In the records below, the line containing "#289=DIRECTION('',(0.,0.,1.));" is the first to keep. Retype it and all later lines exactly, through the end.

[Dataset items]
◆ ◆ ◆ ◆

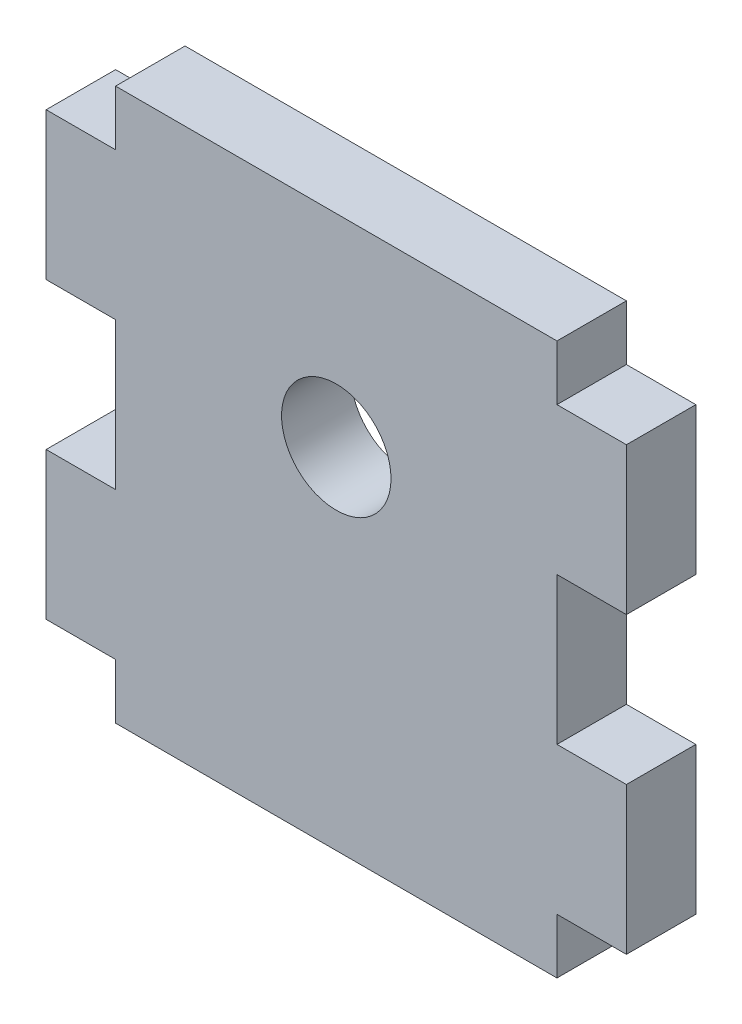
ISO-10303-21;
HEADER;
FILE_DESCRIPTION(('STEP AP214'),'2;1');
FILE_NAME('part.step','',(''),(''),'','','');
FILE_SCHEMA(('AUTOMOTIVE_DESIGN { 1 0 10303 214 1 1 1 1 }'));
ENDSEC;
DATA;
#1=APPLICATION_CONTEXT('core data for automotive mechanical design processes');
#2=APPLICATION_PROTOCOL_DEFINITION('international standard','automotive_design',2000,#1);
#3=PRODUCT_CONTEXT('',#1,'mechanical');
#4=PRODUCT('Part','Part','',(#3));
#5=PRODUCT_RELATED_PRODUCT_CATEGORY('part','',(#4));
#6=PRODUCT_DEFINITION_FORMATION('','',#4);
#7=PRODUCT_DEFINITION_CONTEXT('part definition',#1,'design');
#8=PRODUCT_DEFINITION('design','',#6,#7);
#9=PRODUCT_DEFINITION_SHAPE('','',#8);
#10=(LENGTH_UNIT() NAMED_UNIT(*) SI_UNIT(.MILLI.,.METRE.));
#11=(NAMED_UNIT(*) PLANE_ANGLE_UNIT() SI_UNIT($,.RADIAN.));
#12=(NAMED_UNIT(*) SI_UNIT($,.STERADIAN.) SOLID_ANGLE_UNIT());
#13=UNCERTAINTY_MEASURE_WITH_UNIT(LENGTH_MEASURE(1.E-05),#10,'distance_accuracy_value','');
#14=(GEOMETRIC_REPRESENTATION_CONTEXT(3) GLOBAL_UNCERTAINTY_ASSIGNED_CONTEXT((#13)) GLOBAL_UNIT_ASSIGNED_CONTEXT((#10,
#11,#12)) REPRESENTATION_CONTEXT('',''));
#15=CARTESIAN_POINT('',(0.,0.,0.));
#16=DIRECTION('',(0.,0.,1.));
#17=DIRECTION('',(1.,0.,0.));
#18=AXIS2_PLACEMENT_3D('',#15,#16,#17);
#19=CARTESIAN_POINT('',(0.,0.,5.9944));
#20=DIRECTION('',(-1.,0.,0.));
#21=DIRECTION('',(0.,0.,1.));
#22=AXIS2_PLACEMENT_3D('',#19,#20,#21);
#23=PLANE('',#22);
#24=DIRECTION('',(0.,1.,0.));
#25=VECTOR('',#24,1.);
#26=CARTESIAN_POINT('',(0.,0.,5.9944));
#27=LINE('',#26,#25);
#28=CARTESIAN_POINT('',(0.,1.5875,5.9944));
#29=VERTEX_POINT('',#28);
#30=CARTESIAN_POINT('',(0.,6.35,5.9944));
#31=VERTEX_POINT('',#30);
#32=EDGE_CURVE('E212',#29,#31,#27,.T.);
#33=ORIENTED_EDGE('',*,*,#32,.F.);
#34=DIRECTION('',(0.,0.,1.));
#35=VECTOR('',#34,1.);
#36=CARTESIAN_POINT('',(0.,1.5875,0.));
#37=LINE('',#36,#35);
#38=CARTESIAN_POINT('',(0.,1.5875,0.));
#39=VERTEX_POINT('',#38);
#40=EDGE_CURVE('E328',#39,#29,#37,.T.);
#41=ORIENTED_EDGE('',*,*,#40,.F.);
#42=DIRECTION('',(0.,1.,0.));
#43=VECTOR('',#42,1.);
#44=CARTESIAN_POINT('',(0.,0.,0.));
#45=LINE('',#44,#43);
#46=CARTESIAN_POINT('',(0.,6.35,0.));
#47=VERTEX_POINT('',#46);
#48=EDGE_CURVE('E274',#39,#47,#45,.T.);
#49=ORIENTED_EDGE('',*,*,#48,.T.);
#50=DIRECTION('',(0.,0.,-1.));
#51=VECTOR('',#50,1.);
#52=CARTESIAN_POINT('',(0.,6.35,5.9944));
#53=LINE('',#52,#51);
#54=EDGE_CURVE('E11',#31,#47,#53,.T.);
#55=ORIENTED_EDGE('',*,*,#54,.F.);
#56=EDGE_LOOP('',(#33,#41,#49,#55));
#57=FACE_BOUND('',#56,.T.);
#58=ADVANCED_FACE('F33',(#57),#23,.F.);
#59=CARTESIAN_POINT('',(0.,6.35,5.9944));
#60=DIRECTION('',(0.,1.,0.));
#61=DIRECTION('',(0.,0.,1.));
#62=AXIS2_PLACEMENT_3D('',#59,#60,#61);
#63=PLANE('',#62);
#64=DIRECTION('',(1.,0.,0.));
#65=VECTOR('',#64,1.);
#66=CARTESIAN_POINT('',(0.,6.35,0.));
#67=LINE('',#66,#65);
#68=CARTESIAN_POINT('',(5.99439999999999,6.35,0.));
#69=VERTEX_POINT('',#68);
#70=EDGE_CURVE('E268',#47,#69,#67,.T.);
#71=ORIENTED_EDGE('',*,*,#70,.T.);
#72=DIRECTION('',(0.,0.,-1.));
#73=VECTOR('',#72,1.);
#74=CARTESIAN_POINT('',(5.99439999999999,6.35,5.9944));
#75=LINE('',#74,#73);
#76=CARTESIAN_POINT('',(5.99439999999999,6.35,5.9944));
#77=VERTEX_POINT('',#76);
#78=EDGE_CURVE('E40',#77,#69,#75,.T.);
#79=ORIENTED_EDGE('',*,*,#78,.F.);
#80=DIRECTION('',(1.,0.,0.));
#81=VECTOR('',#80,1.);
#82=CARTESIAN_POINT('',(0.,6.35,5.9944));
#83=LINE('',#82,#81);
#84=EDGE_CURVE('E332',#31,#77,#83,.T.);
#85=ORIENTED_EDGE('',*,*,#84,.F.);
#86=ORIENTED_EDGE('',*,*,#54,.T.);
#87=EDGE_LOOP('',(#71,#79,#85,#86));
#88=FACE_BOUND('',#87,.T.);
#89=ADVANCED_FACE('F359',(#88),#63,.F.);
#90=CARTESIAN_POINT('',(5.99439999999999,6.35,5.9944));
#91=DIRECTION('',(-1.,0.,0.));
#92=DIRECTION('',(0.,0.,1.));
#93=AXIS2_PLACEMENT_3D('',#90,#91,#92);
#94=PLANE('',#93);
#95=DIRECTION('',(0.,1.,0.));
#96=VECTOR('',#95,1.);
#97=CARTESIAN_POINT('',(5.99439999999999,6.35,0.));
#98=LINE('',#97,#96);
#99=CARTESIAN_POINT('',(5.99439999999999,19.05,0.));
#100=VERTEX_POINT('',#99);
#101=EDGE_CURVE('E261',#69,#100,#98,.T.);
#102=ORIENTED_EDGE('',*,*,#101,.T.);
#103=DIRECTION('',(0.,0.,-1.));
#104=VECTOR('',#103,1.);
#105=CARTESIAN_POINT('',(5.99439999999999,19.05,5.9944));
#106=LINE('',#105,#104);
#107=CARTESIAN_POINT('',(5.99439999999999,19.05,5.9944));
#108=VERTEX_POINT('',#107);
#109=EDGE_CURVE('E252',#108,#100,#106,.T.);
#110=ORIENTED_EDGE('',*,*,#109,.F.);
#111=DIRECTION('',(0.,1.,0.));
#112=VECTOR('',#111,1.);
#113=CARTESIAN_POINT('',(5.99439999999999,6.35,5.9944));
#114=LINE('',#113,#112);
#115=EDGE_CURVE('E262',#77,#108,#114,.T.);
#116=ORIENTED_EDGE('',*,*,#115,.F.);
#117=ORIENTED_EDGE('',*,*,#78,.T.);
#118=EDGE_LOOP('',(#102,#110,#116,#117));
#119=FACE_BOUND('',#118,.T.);
#120=ADVANCED_FACE('F259',(#119),#94,.F.);
#121=CARTESIAN_POINT('',(0.,19.05,5.9944));
#122=DIRECTION('',(0.,-1.,0.));
#123=DIRECTION('',(0.,0.,-1.));
#124=AXIS2_PLACEMENT_3D('',#121,#122,#123);
#125=PLANE('',#124);
#126=DIRECTION('',(-1.,0.,0.));
#127=VECTOR('',#126,1.);
#128=CARTESIAN_POINT('',(0.,19.05,0.));
#129=LINE('',#128,#127);
#130=CARTESIAN_POINT('',(0.,19.05,0.));
#131=VERTEX_POINT('',#130);
#132=EDGE_CURVE('E270',#100,#131,#129,.T.);
#133=ORIENTED_EDGE('',*,*,#132,.T.);
#134=DIRECTION('',(0.,0.,-1.));
#135=VECTOR('',#134,1.);
#136=CARTESIAN_POINT('',(0.,19.05,5.9944));
#137=LINE('',#136,#135);
#138=CARTESIAN_POINT('',(0.,19.05,5.9944));
#139=VERTEX_POINT('',#138);
#140=EDGE_CURVE('E249',#139,#131,#137,.T.);
#141=ORIENTED_EDGE('',*,*,#140,.F.);
#142=DIRECTION('',(-1.,0.,0.));
#143=VECTOR('',#142,1.);
#144=CARTESIAN_POINT('',(0.,19.05,5.9944));
#145=LINE('',#144,#143);
#146=EDGE_CURVE('E335',#108,#139,#145,.T.);
#147=ORIENTED_EDGE('',*,*,#146,.F.);
#148=ORIENTED_EDGE('',*,*,#109,.T.);
#149=EDGE_LOOP('',(#133,#141,#147,#148));
#150=FACE_BOUND('',#149,.T.);
#151=ADVANCED_FACE('F356',(#150),#125,.F.);
#152=CARTESIAN_POINT('',(0.,19.05,5.9944));
#153=DIRECTION('',(-1.,0.,0.));
#154=DIRECTION('',(0.,0.,1.));
#155=AXIS2_PLACEMENT_3D('',#152,#153,#154);
#156=PLANE('',#155);
#157=DIRECTION('',(0.,1.,0.));
#158=VECTOR('',#157,1.);
#159=CARTESIAN_POINT('',(0.,19.05,0.));
#160=LINE('',#159,#158);
#161=CARTESIAN_POINT('',(0.,31.75,0.));
#162=VERTEX_POINT('',#161);
#163=EDGE_CURVE('E272',#131,#162,#160,.T.);
#164=ORIENTED_EDGE('',*,*,#163,.T.);
#165=DIRECTION('',(0.,0.,-1.));
#166=VECTOR('',#165,1.);
#167=CARTESIAN_POINT('',(0.,31.75,5.9944));
#168=LINE('',#167,#166);
#169=CARTESIAN_POINT('',(0.,31.75,5.9944));
#170=VERTEX_POINT('',#169);
#171=EDGE_CURVE('E246',#170,#162,#168,.T.);
#172=ORIENTED_EDGE('',*,*,#171,.F.);
#173=DIRECTION('',(0.,1.,0.));
#174=VECTOR('',#173,1.);
#175=CARTESIAN_POINT('',(0.,19.05,5.9944));
#176=LINE('',#175,#174);
#177=EDGE_CURVE('E337',#139,#170,#176,.T.);
#178=ORIENTED_EDGE('',*,*,#177,.F.);
#179=ORIENTED_EDGE('',*,*,#140,.T.);
#180=EDGE_LOOP('',(#164,#172,#178,#179));
#181=FACE_BOUND('',#180,.T.);
#182=ADVANCED_FACE('F352',(#181),#156,.F.);
#183=CARTESIAN_POINT('',(0.,31.75,5.9944));
#184=DIRECTION('',(0.,1.,0.));
#185=DIRECTION('',(0.,0.,1.));
#186=AXIS2_PLACEMENT_3D('',#183,#184,#185);
#187=PLANE('',#186);
#188=DIRECTION('',(1.,0.,0.));
#189=VECTOR('',#188,1.);
#190=CARTESIAN_POINT('',(0.,31.75,0.));
#191=LINE('',#190,#189);
#192=CARTESIAN_POINT('',(5.9944,31.75,0.));
#193=VERTEX_POINT('',#192);
#194=EDGE_CURVE('E279',#162,#193,#191,.T.);
#195=ORIENTED_EDGE('',*,*,#194,.T.);
#196=DIRECTION('',(0.,0.,-1.));
#197=VECTOR('',#196,1.);
#198=CARTESIAN_POINT('',(5.9944,31.75,5.9944));
#199=LINE('',#198,#197);
#200=CARTESIAN_POINT('',(5.9944,31.75,5.9944));
#201=VERTEX_POINT('',#200);
#202=EDGE_CURVE('E243',#201,#193,#199,.T.);
#203=ORIENTED_EDGE('',*,*,#202,.F.);
#204=DIRECTION('',(1.,0.,0.));
#205=VECTOR('',#204,1.);
#206=CARTESIAN_POINT('',(0.,31.75,5.9944));
#207=LINE('',#206,#205);
#208=EDGE_CURVE('E339',#170,#201,#207,.T.);
#209=ORIENTED_EDGE('',*,*,#208,.F.);
#210=ORIENTED_EDGE('',*,*,#171,.T.);
#211=EDGE_LOOP('',(#195,#203,#209,#210));
#212=FACE_BOUND('',#211,.T.);
#213=ADVANCED_FACE('F348',(#212),#187,.F.);
#214=CARTESIAN_POINT('',(5.9944,44.45,5.9944));
#215=DIRECTION('',(-1.,0.,0.));
#216=DIRECTION('',(0.,0.,1.));
#217=AXIS2_PLACEMENT_3D('',#214,#215,#216);
#218=PLANE('',#217);
#219=DIRECTION('',(0.,1.,0.));
#220=VECTOR('',#219,1.);
#221=CARTESIAN_POINT('',(5.9944,44.45,0.));
#222=LINE('',#221,#220);
#223=CARTESIAN_POINT('',(5.9944,44.45,0.));
#224=VERTEX_POINT('',#223);
#225=EDGE_CURVE('E281',#193,#224,#222,.T.);
#226=ORIENTED_EDGE('',*,*,#225,.T.);
#227=DIRECTION('',(0.,0.,-1.));
#228=VECTOR('',#227,1.);
#229=CARTESIAN_POINT('',(5.9944,44.45,5.9944));
#230=LINE('',#229,#228);
#231=CARTESIAN_POINT('',(5.9944,44.45,5.9944));
#232=VERTEX_POINT('',#231);
#233=EDGE_CURVE('E240',#232,#224,#230,.T.);
#234=ORIENTED_EDGE('',*,*,#233,.F.);
#235=DIRECTION('',(0.,1.,0.));
#236=VECTOR('',#235,1.);
#237=CARTESIAN_POINT('',(5.9944,44.45,5.9944));
#238=LINE('',#237,#236);
#239=EDGE_CURVE('E299',#201,#232,#238,.T.);
#240=ORIENTED_EDGE('',*,*,#239,.F.);
#241=ORIENTED_EDGE('',*,*,#202,.T.);
#242=EDGE_LOOP('',(#226,#234,#240,#241));
#243=FACE_BOUND('',#242,.T.);
#244=ADVANCED_FACE('F345',(#243),#218,.F.);
#245=CARTESIAN_POINT('',(0.,44.45,5.9944));
#246=DIRECTION('',(0.,-1.,0.));
#247=DIRECTION('',(0.,0.,-1.));
#248=AXIS2_PLACEMENT_3D('',#245,#246,#247);
#249=PLANE('',#248);
#250=DIRECTION('',(-1.,0.,0.));
#251=VECTOR('',#250,1.);
#252=CARTESIAN_POINT('',(0.,44.45,0.));
#253=LINE('',#252,#251);
#254=CARTESIAN_POINT('',(0.,44.45,0.));
#255=VERTEX_POINT('',#254);
#256=EDGE_CURVE('E194',#224,#255,#253,.T.);
#257=ORIENTED_EDGE('',*,*,#256,.T.);
#258=DIRECTION('',(0.,0.,-1.));
#259=VECTOR('',#258,1.);
#260=CARTESIAN_POINT('',(0.,44.45,5.9944));
#261=LINE('',#260,#259);
#262=CARTESIAN_POINT('',(0.,44.45,5.9944));
#263=VERTEX_POINT('',#262);
#264=EDGE_CURVE('E237',#263,#255,#261,.T.);
#265=ORIENTED_EDGE('',*,*,#264,.F.);
#266=DIRECTION('',(-1.,0.,0.));
#267=VECTOR('',#266,1.);
#268=CARTESIAN_POINT('',(0.,44.45,5.9944));
#269=LINE('',#268,#267);
#270=EDGE_CURVE('E295',#232,#263,#269,.T.);
#271=ORIENTED_EDGE('',*,*,#270,.F.);
#272=ORIENTED_EDGE('',*,*,#233,.T.);
#273=EDGE_LOOP('',(#257,#265,#271,#272));
#274=FACE_BOUND('',#273,.T.);
#275=ADVANCED_FACE('F285',(#274),#249,.F.);
#276=CARTESIAN_POINT('',(0.,44.45,5.9944));
#277=DIRECTION('',(-1.,0.,0.));
#278=DIRECTION('',(0.,0.,1.));
#279=AXIS2_PLACEMENT_3D('',#276,#277,#278);
#280=PLANE('',#279);
#281=DIRECTION('',(0.,1.,0.));
#282=VECTOR('',#281,1.);
#283=CARTESIAN_POINT('',(0.,44.45,0.));
#284=LINE('',#283,#282);
#285=CARTESIAN_POINT('',(0.,49.2125,0.));
#286=VERTEX_POINT('',#285);
#287=EDGE_CURVE('E190',#255,#286,#284,.T.);
#288=ORIENTED_EDGE('',*,*,#287,.T.);
#289=DIRECTION('',(0.,0.,1.));
#290=VECTOR('',#289,1.);
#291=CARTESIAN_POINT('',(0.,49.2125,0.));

◆ ◆ ◆ ◆

__Answer area__:
#289=DIRECTION('',(0.,0.,1.));
#290=VECTOR('',#289,1.);
#291=CARTESIAN_POINT('',(0.,49.2125,0.));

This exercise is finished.